Je exotischer hingegen die Anlageklasse, desto eher kann ein aktiv gemanagter Fonds lohnen. Kosten reduzieren die Rendite, die ein Fonds erzielen kann. Vor allem jährliche Gebühren erschweren es einem Fondsmanager, besser abzuschneiden als der Markt. Denn sie wirken eins zu eins auf die Rendite. Überdurchschnittlich hohe Gebühren sollten Anleger nur für Fonds zahlen, die in der Vergangenheit immer wieder besonders hohe Renditen erzielt haben. Anleger können in die meisten Fonds, die hierzulande erhältlich sind, auch mit einem Sparplan investieren.

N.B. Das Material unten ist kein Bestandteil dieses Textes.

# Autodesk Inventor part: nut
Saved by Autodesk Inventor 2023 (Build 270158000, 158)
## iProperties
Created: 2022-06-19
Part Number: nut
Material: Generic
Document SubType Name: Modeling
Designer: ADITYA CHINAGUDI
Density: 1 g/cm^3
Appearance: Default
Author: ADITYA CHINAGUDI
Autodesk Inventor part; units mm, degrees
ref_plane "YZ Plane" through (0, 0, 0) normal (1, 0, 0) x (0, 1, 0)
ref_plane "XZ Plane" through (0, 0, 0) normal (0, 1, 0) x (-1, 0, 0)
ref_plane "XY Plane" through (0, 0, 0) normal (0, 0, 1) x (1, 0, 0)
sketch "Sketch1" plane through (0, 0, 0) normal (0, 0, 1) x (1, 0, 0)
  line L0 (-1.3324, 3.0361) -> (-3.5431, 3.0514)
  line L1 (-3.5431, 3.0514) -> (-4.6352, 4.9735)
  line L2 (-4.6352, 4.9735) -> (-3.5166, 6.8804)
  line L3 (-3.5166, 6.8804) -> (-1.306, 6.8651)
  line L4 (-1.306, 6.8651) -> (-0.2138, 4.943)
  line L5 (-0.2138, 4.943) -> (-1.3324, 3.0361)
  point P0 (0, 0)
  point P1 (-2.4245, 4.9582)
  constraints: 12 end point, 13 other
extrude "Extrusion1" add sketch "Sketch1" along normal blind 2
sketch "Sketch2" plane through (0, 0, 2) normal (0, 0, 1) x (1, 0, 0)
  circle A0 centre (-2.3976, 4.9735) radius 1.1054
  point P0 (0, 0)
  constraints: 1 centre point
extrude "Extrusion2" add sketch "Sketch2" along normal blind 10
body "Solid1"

Dabei kaufen Sparer monatlich oder vierteljährlich für einen festen Betrag Fondsanteile. Bei ihnen entfällt zumindest am Anfang des Investments die Gefahr, zu einem falschen Zeitpunkt einzusteigen — also dann zu kaufen, wenn die Kurse hoch stehen.

Wer Monat für Monat dieselbe Summe investiert, kauft automatisch mehr Fondsanteile, wenn die Kurse niedrig stehen und weniger, wenn sie hoch stehen. A AllianceBernstein Luxembourg S. Carnegie Fund Management Company S. Commerz Funds Solutions S. Danske Invest Management Company S. Flossbach von Storch Invest S. Franklin Templeton International Services S. Generali Investments Luxembourg S.